Di antara banyak suku di Indonesia, nama Kajang mungkin cukup asing ya di telinga. Dibandingkan suku Dayak, Badui, atau Asmat, Kajang tak lebih dikenal. Hal ini sebenarnya memang masuk akal karena Kajang sendiri tinggal di dalam hutan yang masih perawan dan memang membatasi kehidupannya dengan masyarakat luar serta sentuhan peradaban. Suku Kajang menempati sebuah daerah bernama Tana Toa yang ada di Sulawesi Selatan.
Bukan hanya dikenal karena kebiasaan suka mengisolasi diri dari peradaban dan dunia luar, suku satu ini juga lekat dengan pamor gaibnya. Kabar mengatakan kalau suku Kajang ini luar biasa sakti. Mereka memiliki ilmu-ilmu gaib luar biasa yang begitu kuat dan mematikan. Makanya, suku satu ini sering disebut-sebut sebagai yang paling kuat di Indonesia.
Meskipun kesannya seram, tapi suku satu ini juga punya hal-hal unik dan menyenangkan. Misalnya soal aturan hidup yang unik atau perbuatan-perbuatan luar biasa mereka untuk menjaga eksistensi alam. Lebih dalam tentang suku Kajang, berikut fakta-fakta dari suku pedalaman tersebut yang mungkin belum pernah kamu tahu.
Kajang adalah satu dari sekian banyak suku di Indonesia yang menetap di hutan. Suku Kajang sendiri tinggal di lebatnya hutan Sulawesi Selatan yang mana di sana sangat perawan alias tak tersentuh manusia. Bagi suku Kajang, nilai hutan sendiri tak ubahnya seperti sebuah perhiasan yang mana harus dijaga dan haram hukumnya untuk dirusak.
Masyarakat Kajang sangat protektif terhadap hutan mereka. Selain membagi-bagi wilayah hutan sesuai dengan kadar kekeramatannya, suku Kajang juga menetapkan aturan ketat soal penggunaan hutan. Misalnya, masyarakat sana nggak boleh sembarangan menebang pohon. Harus seizin tetua dulu baru kemudian boleh dipotong. Bahkan sebelum melakukan penebangan seseorang harus menanam satu pohon terlebih dahulu. Aturan ini nggak boleh dilanggar kecuali mau menerima hukuman beratnya. Beginilah potret suku Kajang yang begitu melindungi hutannya.

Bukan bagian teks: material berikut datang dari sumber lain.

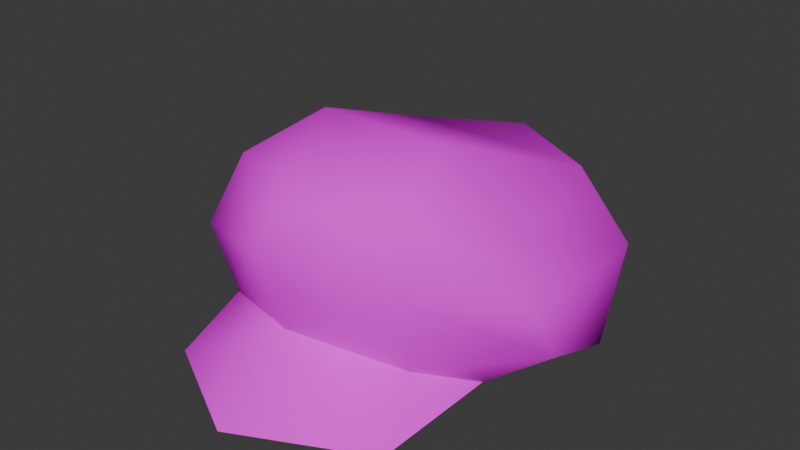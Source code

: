 # Source: mario_cap_source.blend  (saved by Blender 5.1.30; exported with 4.5.12 LTS)
import bpy
from mathutils import Matrix  # noqa: F401  (used for matrix-valued properties, if any)

bpy.ops.wm.read_factory_settings(use_empty=True)
scene = bpy.context.scene
scene.name = 'Scene'

# ---- images (referenced by path relative to the original .blend; pixels are not part of the script)
import os
ASSET_DIR = os.environ.get("B2B_ASSET_DIR", "")  # directory of the original .blend (textures are referenced by path, not embedded)
HERE = os.path.dirname(os.path.abspath(__file__))  # packed textures are extracted next to this script under _unpacked/

def load_image(name, relpath, width, height, colorspace="sRGB"):
    """Load a texture the original file referenced (path relative to the .blend, or extracted next to this script)."""
    p = next((c for c in (os.path.join(HERE, relpath), os.path.join(ASSET_DIR, relpath)) if relpath and os.path.exists(c)), "")
    if p:
        img = bpy.data.images.load(p, check_existing=True)
        img.name = name
    else:  # same state as the original file: an image datablock whose file is absent (Cycles renders it pink)
        img = bpy.data.images.new(name, width, height)
        img.source = "FILE"
        img.filepath = "//" + (relpath or name)
    img.colorspace_settings.name = colorspace
    return img
img_mario_cap_png = load_image('mario_cap.png', 'mario_cap.png', 1024, 1024, 'sRGB')

# ---- materials (node trees are filled in below, after node groups)
mat_mario_cap_tx = bpy.data.materials.new('mario_cap_tx')
mat_mario_cap_tx.use_backface_culling_lightprobe_volume = False

# ---- material node trees
mat_mario_cap_tx.use_nodes = True; mat_mario_cap_tx.node_tree.nodes.clear()
_N = mat_mario_cap_tx.node_tree.nodes; _L = mat_mario_cap_tx.node_tree.links
n0 = _N.new('ShaderNodeBsdfPrincipled'); n0.name = 'Principled BSDF'; n0.location = (0, 300)
n0.inputs[13].default_value = 0.0
n0.inputs[27].default_value = (0.0, 0.0, 0.0, 1.0)
n1 = _N.new('ShaderNodeOutputMaterial'); n1.name = 'Material Output'; n1.location = (300, 300)
n2 = _N.new('ShaderNodeTexImage'); n2.name = 'Image Texture'; n2.location = (-300, 300)
n2.label = 'Base Color'
n2.image = img_mario_cap_png
n3 = _N.new('ShaderNodeRGB'); n3.name = 'RGB'; n3.location = (-300, 0)
n3.label = 'Ambient'
n3.outputs[0].default_value = (0.5161, 0.5161, 0.5161, 1.0)
_L.new(n0.outputs[0], n1.inputs[0])
_L.new(n2.outputs[0], n0.inputs[0])
n1.is_active_output = True

# ---- world
world_world = bpy.data.worlds.new('World'); scene.world = world_world
world_world.use_nodes = True; world_world.node_tree.nodes.clear()
_N = world_world.node_tree.nodes; _L = world_world.node_tree.links
n0 = _N.new('ShaderNodeOutputWorld'); n0.name = 'World Output'; n0.location = (300, 300)
n1 = _N.new('ShaderNodeBackground'); n1.name = 'Background'; n1.location = (10, 300)
n1.inputs[0].default_value = (0.05088, 0.05088, 0.05088, 1.0)
_L.new(n1.outputs[0], n0.inputs[0])
n0.is_active_output = True
world_world.color = (0.05088, 0.05088, 0.05088)
world_world.sun_shadow_jitter_overblur = 0.0

# ---- meshes
me_mario_cap = bpy.data.meshes.new('mario_cap')
me_mario_cap.from_pydata([(0.0, 4.283, 5.359), (2.913, 3.549, 4.094), (2.523, 5.23, 3.216), (4.845, 2.664, 1.351), (4.142, 4.148, 1.194), (4.527, 2.429, -3.397), (2.772, 3.988, -3.754), (0.0, 2.937, -6.118), (0.0, 4.029, -5.202), (-2.772, 3.988, -3.754), (2.772, 3.988, -3.754), (-1.865, 5.903, 1.011), (1.865, 5.903, 1.011), (0.0, 5.686, 4.133), (2.523, 5.23, 3.216), (0.0, 4.283, 5.359), (0.0, 4.283, 5.359), (0.0, 5.686, 4.133), (-2.523, 5.23, 3.216), (-1.865, 5.903, 1.011), (-4.142, 4.148, 1.194), (-2.772, 3.988, -3.754), (-4.527, 2.429, -3.397), (0.0, 2.937, -6.118), (-3.102, 0.9678, -4.433), (0.0, 1.109, -5.95), (0.0, 0.3555, -5.355), (-3.102, 0.9678, -4.433), (-4.141, 0.006348, -2.215), (-5.085, 0.6445, -1.313), (-4.036, 0.1455, -0.5195), (-5.04, 1.269, 0.7302), (-3.525, 0.292, 1.454), (-2.82, 1.328, 3.429), (3.525, 0.292, 1.454), (2.82, 1.328, 3.429), (3.34, 0.05737, 4.937), (0.0, 1.877, 4.545), (0.0, 0.2434, 6.804), (-3.34, 0.05737, 4.937), (-3.525, 0.292, 1.454), (-2.534, 0.6809, 2.849), (-3.34, 0.05737, 4.937), (0.0, 0.7969, 3.625), (0.0, 0.2434, 6.804), (3.34, 0.05737, 4.937), (4.527, 2.429, -3.397), (3.102, 0.9678, -4.433), (0.0, 2.937, -6.118), (0.0, 1.109, -5.95), (-3.102, 0.9678, -4.433), (4.845, 2.664, 1.351), (5.04, 1.269, 0.7302), (4.527, 2.429, -3.397), (5.085, 0.6445, -1.313), (3.102, 0.9678, -4.433), (-3.102, 0.9678, -4.433), (-5.085, 0.6445, -1.313), (-4.527, 2.429, -3.397), (-5.04, 1.269, 0.7302), (-4.845, 2.664, 1.351), (0.0, 0.3555, -5.355), (4.141, 0.006348, -2.215), (0.0, 4.208, 1.418), (4.036, 0.1455, -0.5195), (3.525, 0.292, 1.454), (4.845, 2.664, 1.351), (2.913, 3.549, 4.094), (5.04, 1.269, 0.7302), (2.82, 1.328, 3.429), (3.525, 0.292, 1.454), (3.525, 0.292, 1.454), (2.534, 0.6809, 2.849), (0.0, 4.208, 1.418), (0.0, 0.7969, 3.625), (-2.534, 0.6809, 2.849), (-2.534, 0.6809, 2.849), (-3.525, 0.292, 1.454), (0.0, 4.208, 1.418), (-4.036, 0.1455, -0.5195), (-4.141, 0.006348, -2.215), (3.525, 0.292, 1.454), (3.34, 0.05737, 4.937), (2.534, 0.6809, 2.849), (0.0, 0.7969, 3.625), (2.913, 3.549, 4.094), (0.0, 4.283, 5.359), (2.82, 1.328, 3.429), (0.0, 1.877, 4.545), (3.525, 0.292, 1.454), (4.036, 0.1455, -0.5195), (5.04, 1.269, 0.7302), (5.085, 0.6445, -1.313), (0.0, 1.877, 4.545), (-2.82, 1.328, 3.429), (-3.34, 0.05737, 4.937), (-3.525, 0.292, 1.454), (-2.913, 3.549, 4.094), (-2.82, 1.328, 3.429), (0.0, 4.283, 5.359), (0.0, 1.877, 4.545), (4.036, 0.1455, -0.5195), (4.141, 0.006348, -2.215), (5.085, 0.6445, -1.313), (3.102, 0.9678, -4.433), (4.141, 0.006348, -2.215), (0.0, 0.3555, -5.355), (3.102, 0.9678, -4.433), (0.0, 1.109, -5.95), (-2.82, 1.328, 3.429), (-2.913, 3.549, 4.094), (-5.04, 1.269, 0.7302), (-4.845, 2.664, 1.351), (2.772, 3.988, -3.754), (1.865, 5.903, 1.011), (4.142, 4.148, 1.194), (2.523, 5.23, 3.216), (0.0, 4.283, 5.359), (-2.523, 5.23, 3.216), (-2.913, 3.549, 4.094), (-4.845, 2.664, 1.351), (-4.527, 2.429, -3.397), (-4.845, 2.664, 1.351), (-4.142, 4.148, 1.194), (-2.523, 5.23, 3.216), (0.0, 0.3555, -5.355), (0.0, 4.208, 1.418), (-4.141, 0.006348, -2.215)], [], [(0, 1, 2), (1, 3, 2), (2, 3, 4), (3, 5, 4), (4, 5, 6), (5, 7, 6), (6, 7, 8), (7, 9, 8), (8, 9, 10), (9, 11, 10), (10, 11, 12), (11, 13, 12), (12, 13, 14), (13, 15, 14), (16, 17, 18), (17, 19, 18), (18, 19, 20), (19, 21, 20), (20, 21, 22), (21, 23, 22), (22, 23, 24), (25, 26, 27), (26, 28, 27), (27, 28, 29), (28, 30, 29), (29, 30, 31), (30, 32, 31), (31, 32, 33), (34, 35, 36), (35, 37, 36), (36, 37, 38), (37, 39, 38), (40, 41, 42), (41, 43, 42), (42, 43, 44), (43, 45, 44), (46, 47, 48), (47, 49, 48), (48, 49, 50), (51, 52, 53), (52, 54, 53), (53, 54, 55), (56, 57, 58), (57, 59, 58), (58, 59, 60), (61, 62, 63), (62, 64, 63), (63, 64, 65), (66, 67, 68), (67, 69, 68), (68, 69, 70), (71, 72, 73), (72, 74, 73), (73, 74, 75), (76, 77, 78), (77, 79, 78), (78, 79, 80), (81, 82, 83), (82, 84, 83), (85, 86, 87), (86, 88, 87), (89, 90, 91), (90, 92, 91), (93, 94, 95), (94, 96, 95), (97, 98, 99), (98, 100, 99), (101, 102, 103), (102, 104, 103), (105, 106, 107), (106, 108, 107), (109, 110, 111), (110, 112, 111), (113, 114, 115), (114, 116, 115), (117, 118, 119), (118, 120, 119), (121, 122, 123), (122, 124, 123), (125, 126, 127)])
me_mario_cap.polygons.foreach_set('use_smooth', [True] * 80)
_uv = me_mario_cap.uv_layers.new(name='texcoords')
_uv.uv.foreach_set('vector', [0.3047, 0.5352, 0.125, 0.5156, 0.1484, 0.4844, 0.125, 0.5156, 0.0332, 0.4844, 0.1484, 0.4844, 0.1484, 0.4844, 0.0332, 0.4844, 0.09766, 0.4395, 0.0332, 0.4844, 0.05078, 0.2969, 0.09766, 0.4395, 0.09766, 0.4395, 0.05078, 0.2969, 0.0918, 0.2969, 0.05078, 0.2969, 0.3047, 0.2578, 0.0918, 0.2969, 0.0918, 0.2969, 0.3047, 0.2578, 0.3047, 0.2832, 0.3047, 0.2578, 0.5137, 0.2969, 0.3047, 0.2832, 0.3047, 0.2832, 0.5137, 0.2969, 0.0918, 0.2969, 0.5137, 0.2969, 0.3867, 0.3438, 0.0918, 0.2969, 0.0918, 0.2969, 0.3867, 0.3438, 0.2188, 0.3438, 0.3867, 0.3438, 0.3047, 0.4844, 0.2188, 0.3438, 0.2188, 0.3438, 0.3047, 0.4844, 0.1484, 0.4844, 0.3047, 0.4844, 0.3047, 0.5352, 0.1484, 0.4844, 0.3047, 0.5352, 0.3047, 0.4844, 0.4551, 0.4844, 0.3047, 0.4844, 0.3867, 0.3438, 0.4551, 0.4844, 0.4551, 0.4844, 0.3867, 0.3438, 0.5078, 0.4395, 0.3867, 0.3438, 0.5137, 0.2969, 0.5078, 0.4395, 0.5078, 0.4395, 0.5137, 0.2969, 0.5586, 0.2969, 0.5137, 0.2969, 0.3047, 0.2578, 0.5586, 0.2969, 0.5586, 0.2969, 0.3047, 0.2578, 0.4492, 0.252, 0.2539, 0.5293, 0.2539, 0.5293, 0.2539, 0.5293, 0.2539, 0.5293, 0.2539, 0.5293, 0.2539, 0.5293, 0.2539, 0.5293, 0.2539, 0.5293, 0.2539, 0.5293, 0.2539, 0.5293, 0.2539, 0.5293, 0.2539, 0.5293, 0.2539, 0.5293, 0.2539, 0.5293, 0.2539, 0.5293, 0.2539, 0.5293, 0.2539, 0.5293, 0.2539, 0.5293, 0.2539, 0.5293, 0.2539, 0.5293, 0.2539, 0.5293, 0.5605, 0.2266, 0.3164, 0.1582, 0.3828, 0.03906, 0.3164, 0.1582, 0.005859, 0.1406, 0.3828, 0.03906, 0.3828, 0.03906, 0.005859, 0.1406, 0.005859, 0.0293, 0.005859, 0.1406, 0.3828, 0.03906, 0.005859, 0.0293, 0.5605, 0.2266, 0.3164, 0.1582, 0.3828, 0.03906, 0.3164, 0.1582, 0.005859, 0.1406, 0.3828, 0.03906, 0.3828, 0.03906, 0.005859, 0.1406, 0.005859, 0.0293, 0.005859, 0.1406, 0.3828, 0.03906, 0.005859, 0.0293, 0.05078, 0.2969, 0.1602, 0.252, 0.3047, 0.2578, 0.1602, 0.252, 0.3047, 0.248, 0.3047, 0.2578, 0.3047, 0.2578, 0.3047, 0.248, 0.4492, 0.252, 0.0332, 0.4844, 0.0332, 0.4844, 0.05078, 0.2969, 0.0332, 0.4844, 0.009766, 0.2969, 0.05078, 0.2969, 0.05078, 0.2969, 0.009766, 0.2969, 0.1602, 0.252, 0.4492, 0.252, 0.5996, 0.2969, 0.5586, 0.2969, 0.5996, 0.2969, 0.5762, 0.4844, 0.5586, 0.2969, 0.5586, 0.2969, 0.5762, 0.4844, 0.5762, 0.4844, 0.7324, 0.009766, 0.7324, 0.4043, 0.9707, 0.2051, 0.7324, 0.4043, 0.7324, 0.009766, 0.9707, 0.2051, 0.9707, 0.2051, 0.7324, 0.009766, 0.7324, 0.4043, 0.2539, 0.5293, 0.2539, 0.5293, 0.2539, 0.5293, 0.2539, 0.5293, 0.2539, 0.5293, 0.2539, 0.5293, 0.2539, 0.5293, 0.2539, 0.5293, 0.2539, 0.5293, 0.7324, 0.4043, 0.7324, 0.009766, 0.9707, 0.2051, 0.7324, 0.009766, 0.7324, 0.4043, 0.9707, 0.2051, 0.9707, 0.2051, 0.7324, 0.4043, 0.7324, 0.009766, 0.7324, 0.009766, 0.7324, 0.4043, 0.9707, 0.2051, 0.7324, 0.4043, 0.7324, 0.009766, 0.9707, 0.2051, 0.9707, 0.2051, 0.7324, 0.009766, 0.7324, 0.4043, 0.5605, 0.2266, 0.3828, 0.03906, 0.3164, 0.1582, 0.3828, 0.03906, 0.005859, 0.1406, 0.3164, 0.1582, 0.9199, 0.8301, 0.007812, 0.9453, 0.8828, 0.5488, 0.007812, 0.9453, 0.005859, 0.6094, 0.8828, 0.5488, 0.2539, 0.5293, 0.2539, 0.5293, 0.2539, 0.5293, 0.2539, 0.5293, 0.2539, 0.5293, 0.2539, 0.5293, 0.005859, 0.1406, 0.3164, 0.1582, 0.3828, 0.03906, 0.3164, 0.1582, 0.5605, 0.2266, 0.3828, 0.03906, 0.9199, 0.8301, 0.8828, 0.5488, 0.007812, 0.9453, 0.8828, 0.5488, 0.005859, 0.6094, 0.007812, 0.9453, 0.2539, 0.5293, 0.2539, 0.5293, 0.2539, 0.5293, 0.2539, 0.5293, 0.2539, 0.5293, 0.2539, 0.5293, 0.2539, 0.5293, 0.2539, 0.5293, 0.2539, 0.5293, 0.2539, 0.5293, 0.2539, 0.5293, 0.2539, 0.5293, 0.2539, 0.5293, 0.2539, 0.5293, 0.2539, 0.5293, 0.2539, 0.5293, 0.2539, 0.5293, 0.2539, 0.5293, 0.0918, 0.2969, 0.2188, 0.3438, 0.09766, 0.4395, 0.2188, 0.3438, 0.1484, 0.4844, 0.09766, 0.4395, 0.3047, 0.5352, 0.4551, 0.4844, 0.4785, 0.5156, 0.4551, 0.4844, 0.5762, 0.4844, 0.4785, 0.5156, 0.5586, 0.2969, 0.5762, 0.4844, 0.5078, 0.4395, 0.5762, 0.4844, 0.4551, 0.4844, 0.5078, 0.4395, 0.7324, 0.009766, 0.9707, 0.2051, 0.7324, 0.4043])
me_mario_cap.materials.append(mat_mario_cap_tx)
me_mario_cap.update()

Sama seperti suku-suku pedalaman kebanyakan, Kajang juga masih begitu mempertahankan tradisi dan budayanya. Apa yang mereka lakukan hari ini, masih sama seperti beratus-ratus tahun lalu. Mematuhi adat bagi orang Kajang sendiri adalah kewajiban yang nggak bisa ditawar-tawar.
Begitu ketatnya Kajang soal mempertahankan tradisi dan budaya, mereka pun menolak mentah-mentah peradaban yang lebih maju. Mereka beranggapan jika peradaban yang canggih sekarang ini akan merusak kultur, termasuk juga hutan yang sudah dijaga betul-betul itu. Mereka pun memilih jalan hidup seperti ini, seterusnya sampai generasi-generasi berikutnya lahir.
Sama seperti suku lainnya, Kajang juga punya semacam ciri khas khusus. Hal tersebut bisa kita lihat dari pakaian mereka yang serba hitam. Hitam menurut orang-orang Kajang berarti kesetaraan. Menurut mereka, hitam itu nggak ada jenisnya. Hitam ya hitam. Nggak hanya sebagai lambang kesetaraan, warna hitam bagi orang Kajang juga melambangkan kesakralan.
Masih soal pakaian hitam, Kajang juga memberlakukan aturan ini kepada para tamu dan pendatang. Bagi mereka orang luar yang ingin singgah atau datang, mereka diwajibkan untuk memakai pakaian hitam. Aturan ini wajib untuk dilakukan atau masyarakat setempat bakal menolaknya mentah-mentah.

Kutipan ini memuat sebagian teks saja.